Deliverability may cause some troubles when you don’t know exactly how it works. Find out what options you have to increase your CTR, learn how to avoid ending up in a spam folder and know what a spam trap is.
Contents:
- Deliverability in a nutshell
- Mailbox providers give you different filtering options
- What is Spamhaus
- Spam traps
- What is feedback loop
1. Deliverability in a nutshell
Deliverability is about sending mail that users both want and expect to get. Obtaining consent from recipients, meeting their expectations, as well as creating and maintaining an excellent reputation for your IP address and domain are crucial for the process.
The mentioned process of delivering your email campaign should consist of:
- Authentication
- Sending the mail your subscribers expect
- Address capture and contact list hygiene
- Complaint management
- Frequency and engagement
There are four parties involved in the email deliverability process – the senders, the ESPs, the ISPs, and the recipient.
- Sender is the company or the individual that schedules the email message.
- ESP – Email Service Provider is a company that offers bulk email sending services. Besides the infrastructure which is used for physical campaign send-out, they offer also functionalities that help design, personalize and analyze the email campaign.
- ISP – Inbox Service Provider is a company that offers the email inbox services. The most popular free ISPs are Gmail, Outlook, iCloud Mail and Yahoo! Mail.
- Recipient – the person who has opted-in to receive the email. Usually, the individuals have to sign up to receive messages from various companies.
That means that before your email can be delivered, it must get pass the ISP filters and requirements.
2. Mailbox providers give you different filtering options
In terms of delivering the email, different mail programs have different filters and requirements for the messages they receive. Mailbox providers install filters in their mail transfer agents, that forward mail as a service to all their customers.
Emails in different programs are sorted by filters according to specific criteria. Originally filters were mainly used to identify spam and block or move it to a particular folder. Nowadays, some mailbox providers use email filters to categorize messages in order to organize the inbox (e.g. Gmail categories or Microsoft’s Focused Inbox).
Mailbox providers use spam filters, whether they build their own system, use third-party spam filter technology, or use a combination of both.
As messages travel from the sender to the subscriber’s inbox, different types of filters can affect deliverability and placement in the inbox:
- Gateway spam filters serve as the mailbox provider’s first line of defense in preventing spam.
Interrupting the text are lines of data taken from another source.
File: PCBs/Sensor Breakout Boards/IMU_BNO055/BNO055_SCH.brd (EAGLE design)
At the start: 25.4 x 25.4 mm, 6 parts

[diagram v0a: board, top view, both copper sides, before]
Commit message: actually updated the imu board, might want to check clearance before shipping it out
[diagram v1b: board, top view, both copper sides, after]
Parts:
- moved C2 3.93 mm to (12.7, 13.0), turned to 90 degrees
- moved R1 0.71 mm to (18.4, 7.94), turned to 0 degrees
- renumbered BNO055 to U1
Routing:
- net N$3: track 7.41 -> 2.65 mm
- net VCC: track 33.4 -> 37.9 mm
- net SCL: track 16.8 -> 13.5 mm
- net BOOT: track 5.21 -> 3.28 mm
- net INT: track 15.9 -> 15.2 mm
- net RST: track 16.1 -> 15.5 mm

All mail attempting to enter the company must pass through this “gateway” before it enters the system.
- Third-party spam filters are companies that have developed an own method to distinguish spam from legitimate mail. This kind of spam filters may affect filtering decisions at the gateway or after its acceptance by the gateway (i.e., placed in the inbox or spam).
- Desktop spam filters are basically third-party spam filters but on your own computer.
Mailbox providers consider four main aspects of mail when filtering:
- Mail source
- Reputation of the sender
- The content of the mail being sent
- The engagement of the subscriber.
3. What is Spamhaus
To prevent spammers from sending as many emails as they would for sure want to, the need for blacklisting tools arose.
Spamhaus is one of the public blacklisting tools, which except for just blacklisting, runs the Register of Known Spam Operations – the list of users marked as spammers three or more times.
Its policy is based on the belief that the only way for email to remain a valid and useful channel is for users to receive only those messages that they themselves have requested. No email should be sent unless there is direct and verifiable consent to do so. Spamhaus decides what IPs or domains it lists or removes, which is helpful when it comes to spam traps.
4. Spam Traps
By sending your bulk email campaigns you can easily get caught in spam traps.
A spam trap is simply put an old, recycled email created by ISPs or public blacklist providers which isn’t actively used by a real person. It is used in order to detect email senders that try to send emails to not verified, inactive users. Each sender has to make sure that the spam traps are not present in their mailing list, in another case it can heavily decrease their reputation.
Types of spam traps:
- Pristine spam traps are email addresses that were never valid and may not have even opted-in to receive email.
- Recycled spam traps were once valid email addresses, but have since been reused by their provider.
You should make sure to avoid spam traps by regularly cleaning your contact list.
5. ISP Feedback loops
In case your mailbox provider won’t capture spam messages and it will land in your regular inbox, ISP (Internet Service Provider) Feedback Loops (FBLs) will allow you, as the ISP user, to report the message and its sender. By simply clicking the button “report spam” or “this is spam” you will inform your ISP that you find the given email unwanted.
Wrapping up:
If you want to maintain the best deliverability possible, not falling into the abyss marked as a spam provider you should just stay authentic, including your details in messages, send them keeping a healthy frequency, and only if your recipients are expecting your mailing. Keep your contact list clean and hygienic to take your email marketing to a whole new level and remember that your email content, engagement, and list-building methods can and will affect your deliverability.